The broadband battlelines have been drawn. Coalition communications spokesperson Malcolm Turnbull said there’d be no surprises in today’s policy announcement, and he delivered on that promise. The frontline is exactly where we expected it to be: where the optical fibre ends.
And yet, there’s the politics … and Turnbull just pwned Communications Minister Stephen Conroy in a glossy double-header presentation with his leader Tony Abbott live from Foxtel.
Before comparing the plans, let’s step back to remind ourselves what the National Broadband Network is intended to deliver — a customer access network (CAN) to provide the “last mile” connection from homes and businesses to the nearest exchange, replacing Telstra’s ageing copper network with the next generation of technology. Retail service providers (RSPs) would then offer commercial services to using that wholesale infrastructure, much as they use Telstra’s copper as a wholesale product today.

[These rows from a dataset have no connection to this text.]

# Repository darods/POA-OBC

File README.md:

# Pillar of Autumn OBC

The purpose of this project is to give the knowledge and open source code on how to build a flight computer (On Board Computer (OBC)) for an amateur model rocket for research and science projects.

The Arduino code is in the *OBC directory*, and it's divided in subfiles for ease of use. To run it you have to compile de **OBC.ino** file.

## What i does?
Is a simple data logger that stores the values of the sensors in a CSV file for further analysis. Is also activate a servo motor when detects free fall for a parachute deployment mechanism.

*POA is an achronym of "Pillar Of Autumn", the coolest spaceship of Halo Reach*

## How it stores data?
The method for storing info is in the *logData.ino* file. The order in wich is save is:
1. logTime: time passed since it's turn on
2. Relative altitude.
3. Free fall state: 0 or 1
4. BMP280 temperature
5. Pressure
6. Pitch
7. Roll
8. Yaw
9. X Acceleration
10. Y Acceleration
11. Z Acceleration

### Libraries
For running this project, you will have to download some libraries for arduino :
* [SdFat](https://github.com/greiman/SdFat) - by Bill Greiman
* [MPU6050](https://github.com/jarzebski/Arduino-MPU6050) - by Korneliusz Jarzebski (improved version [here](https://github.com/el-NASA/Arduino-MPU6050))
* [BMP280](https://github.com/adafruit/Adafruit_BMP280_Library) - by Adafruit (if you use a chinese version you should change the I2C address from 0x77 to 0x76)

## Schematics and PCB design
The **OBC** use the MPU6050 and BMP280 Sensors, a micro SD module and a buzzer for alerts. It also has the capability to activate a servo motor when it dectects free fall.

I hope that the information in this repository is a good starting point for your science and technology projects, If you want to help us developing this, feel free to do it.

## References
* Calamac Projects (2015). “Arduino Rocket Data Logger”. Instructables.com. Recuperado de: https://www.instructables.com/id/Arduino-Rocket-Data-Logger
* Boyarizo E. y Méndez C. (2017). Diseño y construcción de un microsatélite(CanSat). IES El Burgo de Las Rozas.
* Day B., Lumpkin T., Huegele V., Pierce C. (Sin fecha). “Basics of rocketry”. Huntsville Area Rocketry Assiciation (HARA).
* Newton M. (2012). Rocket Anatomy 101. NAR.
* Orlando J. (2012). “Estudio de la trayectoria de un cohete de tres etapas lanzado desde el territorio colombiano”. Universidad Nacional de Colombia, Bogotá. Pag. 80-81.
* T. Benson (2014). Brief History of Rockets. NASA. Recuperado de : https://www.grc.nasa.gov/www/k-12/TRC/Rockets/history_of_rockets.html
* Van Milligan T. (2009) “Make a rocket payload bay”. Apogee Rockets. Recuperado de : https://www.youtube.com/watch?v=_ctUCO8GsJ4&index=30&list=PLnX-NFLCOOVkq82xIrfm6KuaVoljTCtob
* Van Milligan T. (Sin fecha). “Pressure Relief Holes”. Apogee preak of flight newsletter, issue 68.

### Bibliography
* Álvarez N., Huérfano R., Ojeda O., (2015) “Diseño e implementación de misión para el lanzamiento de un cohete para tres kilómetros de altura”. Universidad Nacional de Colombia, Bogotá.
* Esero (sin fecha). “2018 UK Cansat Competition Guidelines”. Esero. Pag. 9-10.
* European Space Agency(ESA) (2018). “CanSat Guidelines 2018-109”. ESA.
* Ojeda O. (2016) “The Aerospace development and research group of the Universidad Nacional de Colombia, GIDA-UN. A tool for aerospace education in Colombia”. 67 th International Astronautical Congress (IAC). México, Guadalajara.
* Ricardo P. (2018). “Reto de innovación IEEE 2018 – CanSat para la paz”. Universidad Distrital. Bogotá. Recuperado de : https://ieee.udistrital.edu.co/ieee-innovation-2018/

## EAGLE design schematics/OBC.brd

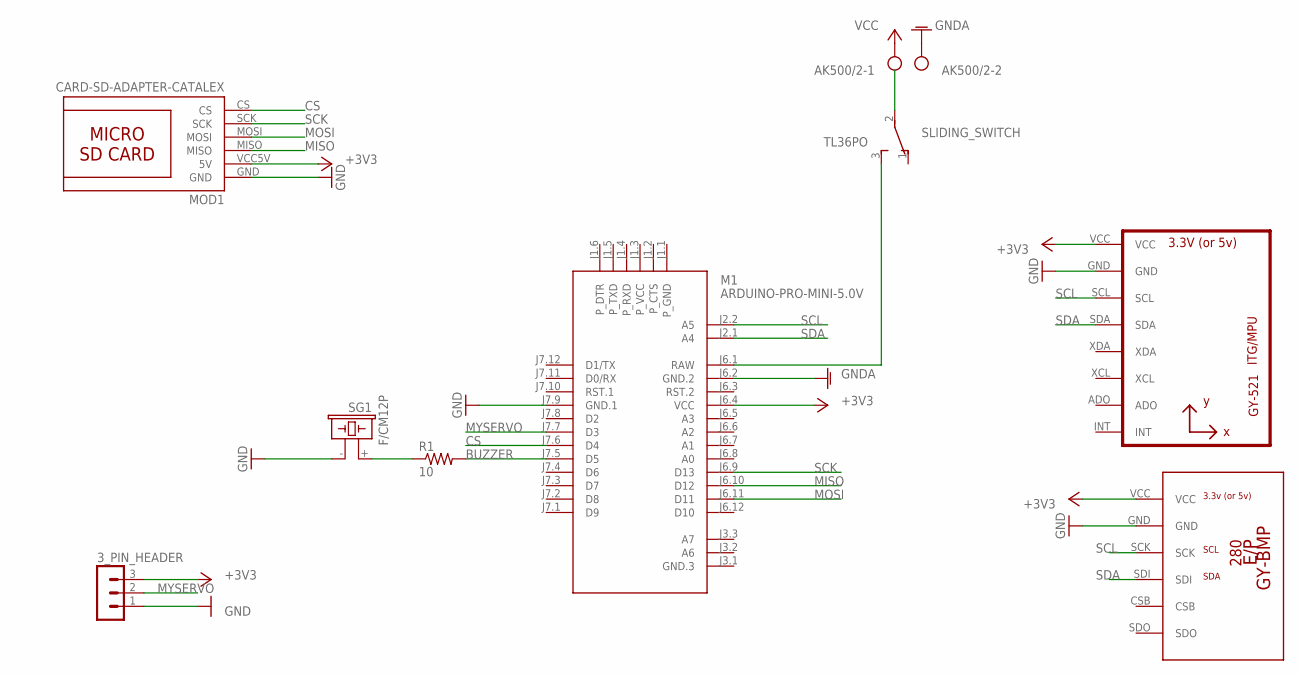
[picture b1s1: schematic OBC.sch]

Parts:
3_PIN_HEADER: MA03-1
AK500/2: AK500/2
M1: ARDUINO-PRO-MINI-5.0V; ARDUINO-PRO-MINI
MOD1: CARD-SD-ADAPTER-CATALEX
R1: 10; 0204/7
SG1: F/CM12P
SLIDING_SWITCH: TL36PO; TL3XPO
U1: GY-521MPU6050; GY-521
U$1: GY-BPM280; GY-BMP280-FOOTPRINT

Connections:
+3V3: 3_PIN_HEADER.3, M1.J6.4 (VCC), MOD1.VCC5V (5V), U1.VCC, U$1.VCC
BUZZER: M1.J7.5 (D5), R1.2
CS: M1.J7.6 (D4), MOD1.CS
GND: 3_PIN_HEADER.1, M1.J7.9 (GND.1), MOD1.GND, SG1.- (2), U1.GND, U$1.GND
GNDA: AK500/2.2, M1.J6.2 (GND.2)
MISO: M1.J6.10 (D12), MOD1.MISO
MOSI: M1.J6.11 (D11), MOD1.MOSI
MYSERVO: 3_PIN_HEADER.2, M1.J7.7 (D3)
unnamed: M1.J6.1 (RAW), SLIDING_SWITCH.3 (S)
unnamed: R1.1, SG1.+ (1)
SCK: M1.J6.9 (D13), MOD1.SCK
SCL: M1.J2.2 (A5), U1.SCL, U$1.SCK
SDA: M1.J2.1 (A4), U1.SDA, U$1.SDI
VCC: AK500/2.1

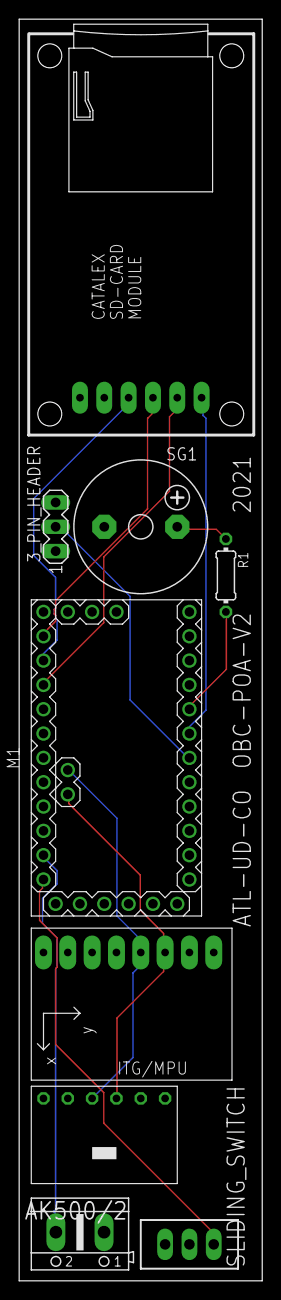
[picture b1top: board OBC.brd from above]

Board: 2 copper layers, 25.4 x 131.8 mm, 9 parts (0 on the bottom side), 13 nets.

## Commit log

2018-06-14 Version 1.00
2018-06-14 la puta madre
2018-06-14 vamos a ver
2018-06-15 Version 1.02
2018-06-15 Version 1.03
2018-06-15 Version 2.0
2018-06-15 Version 2.1
2018-06-18 Version 3.0
2018-06-18 Version 3.1
2018-07-17 Version 3.2
2018-07-17 Version 3.3
2018-07-21 Version 3.4
2018-07-24 Version 3.5
2018-07-25 Version 3.6
2018-07-26 Version 2.2
2018-07-26 Version 3.6.1
2018-07-26 Version 3.6.2
2018-07-26 Version 4.0
2018-07-30 version 4.01
2018-07-30 Version 4.02
2018-07-30 Version 4.03
2018-08-12 Version 4.1
2018-08-14 Version 4.2
2018-08-15 Version 4.3
2018-08-19 se unieron
2018-08-19 Master+Alternative
2018-09-04 MA 1.01
2018-11-03 MA 1.02
2018-11-28 Cambiando de pc
2018-11-29 preparando una mejora de almacenamiento
2018-11-29 se cambio el baud rate, se añadio un tiempo de espera de 50 milis y se comento lo del piezo buzzer
2018-11-29 cambios al codigo de ejemplo
2018-11-30 se cambio el nombre del documento
2018-11-30 Añadiendo ejemplo xbee
2018-12-09 mejora en la capacidad de fuerza g y resolucion del ms5611
2018-12-09 version estable con arreglos
2018-12-11 Se añadio el nuevo codigo de la segunda computadora de vuelo
2018-12-11 Se quito la caida libre y se puso la micro SD
2018-12-11 se añadio caida libre
2018-12-11 Se añadio la notificacion de caida libre sin afectar mucho al rendimiento total
2018-12-11 Version estable con caida libre
2018-12-11 sigo arreglando errores
2018-12-11 Creo que solucione los errores de merge
2018-12-11 poniendo led caida libre
2018-12-16 Añadiendo mas datos a flycomputer y corrigiendo guardado de datos en flycomputer2
2018-12-17 no me acuerdo del cambio
2018-12-18 cambios al baudrate de fly1
2018-12-18 Adicion codigo sd a fly 2 y cambio del baudrate
2018-12-21 Se arreglo error de corrupciond de datos, se quito luz led caida libre
2018-12-22 en proceso de arreglo de cogido flycomputer, hay un error persistente en la altura del sensor MS5811
2018-12-22 se creo un nuevo archivo cuyo proposito es mejorar el desmpeño de la primera computadora de vuelo que tiene como IMU el sensor GY-86, el nombre de este archivo es fly1
2018-12-23 Se añadio flyi2c cuyo proposito es mejorar el rendimiento del codigo al evitar usar librerias para los sensores
2018-12-23 se hizo la conversion de fuerzas g a m/s2, ademas se dejo comentado el codio para mostrar pitch, roll y yaw, pero el valor de yaw no da buenos resultados
2018-12-23 primeros ensayos i2c con el sensor MS5611
2018-12-23 Create LICENSE
2018-12-23 Se modificaron los nombres de los archivos se organizaron algunos
2018-12-24 Se movio sensoresunidocaida libre a la carpeta de computadoras en desarrollo y se cambio su nombre a SensoresUnidos
2018-12-24 Añadiendo librerias necesarias para la ejecucion de los codigos
2018-12-24 añadiendo intrucciones para las lbrarias
2018-12-26 Nueva simulacion con el cohte recortado, arhivo llamado POA(recortado), donde se analiza el rendimiento de 3 motores y ademas el desempeño del cohete recortado
2019-01-05 Adelanto en flight computer1 sin incluir la libreria mpu6050
2019-01-05 se elimino la carpeta de referencias de codigo para que el repositorio no fuera tan pesado
2019-01-05 fixed some issues posted in issue#12 by Koepel, the recomendations were implemented in MS5611.cpp and flyMPU6050
2019-01-05 Fixed MPU6050.cpp according to koepel in issue#12
2019-01-08 Added some changes in flMS5611.ino suggested by koepel in the issue
2019-01-08 Fixed the issue that involved the functions fastRegister8 and readRegister8 posted by koepel,also i kind of fixed the alititude given by MS5611 in FlightComputer1.ino
2019-01-08 Found an easy to understand code for SdFat library
2019-01-09 Working on an optimization for the flightcomputer1.ino using SdFat library, current work in FlightComputer1SDFat.ino
2019-01-09 Sd improvement works fine! it improve the code from 82% in programm memory usage over to 72% and Dinamic memory improved from 62% to 59%, there is only one problem with normAccel.Zaxis value
2019-01-09 Working very nice, the code for the flightcomputer1 has major improvements, memory usage go from 82% to 77% and dynamic memory stays the same, 62%, but now it records yaw and free fall
2019-01-09 It works pretty good, flightcomputer1 has major improvements, reduction in memory usage and dynamic memory as well, now it records yaw and free fall, can be stop from loging data and has no time rest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
2019-01-15 Cleaning some files
2019-02-09 added the improvments to the flight computer that has the bmp280 instead of the MS5611
2019-08-01 borrados archivos sin uso y añadida nueva simulacion con solo la OBC
2019-08-01 Se mejoró el readme
2019-08-07 actualizando
2019-08-08 modificado para hacer el cansat
2019-08-11 puesto un delay y muestra el tiempo transcurrido
2019-08-19 puesto delay codigo cansat
2019-08-20 hecho el diagrama de cableado y pcb para el cansat
2019-08-20 en proceso de actualizacion diagrama OBC
2019-08-21 cambios cansat codigo
2019-08-23 cambios en el diseño pcb
2019-09-05 proceso correcion pcb
2019-10-29 añadido buzzer
2019-10-30 reemplazadas alertas serial por alertas con buzzer
2019-11-01 modificando la 2 version de la OBC, quitando BT
2019-11-01 removido el BT de la 2 OBC, reemplazada por alertas buzzer
2019-11-13 un pequeño error
2019-11-13 añadido diseño 3D del mecanismo de recuperación
2019-11-13 movido documentos del cansat
2019-11-13 añadido codigo servo y la pieza del seguro de este
2020-01-20 better readme, deleated unnecessary files and folders. Added new images
2020-01-20 Added gitignore
2021-03-18 primera parte de la limpieza
2021-03-18 deleting no relevant directories and files
2021-03-19 updated licence
2021-03-19 added licence
2021-03-19 added 3D models

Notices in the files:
parts and their libraries:
diy-modules: Released under the Creative Commons Attribution 4.0 International License: http://creativecommons.org/licenses/by/4.0

With Labor’s NBN plan, for 93% of Australians the copper is to be completely replaced with optical fibre all the way from the exchange to the premises, a configuration called fibre-to-the-premises (FTTP). The next 4% get fixed wireless connections, and the most remote 3% get satellite links. All this is being run by NBN Co, a wholly government-owned company. Some time after the whole thing is declared completed, Labor’s stated intention is to sell NBN Co — thus paying for the initial investment , and justifying why none of this appears in the federal budget.
The NBN’s wireless and satellite components have been unfolding more or less to plan. Yesterday the Coalition’s regional communications spokesperson Luke Hartsuyker confirmed they’d continue those programs much as they are now.
But for the bulk of us, the Coalition’s plan is significantly different. According to today’s six-page summary (we’ve heard some of it before, of course, but now we have the Coalition’s specific targets):
“We will complete the National Broadband Network as quickly and cost-effectively as possible, using a mix of technologies that will provide high speeds at a reasonable cost.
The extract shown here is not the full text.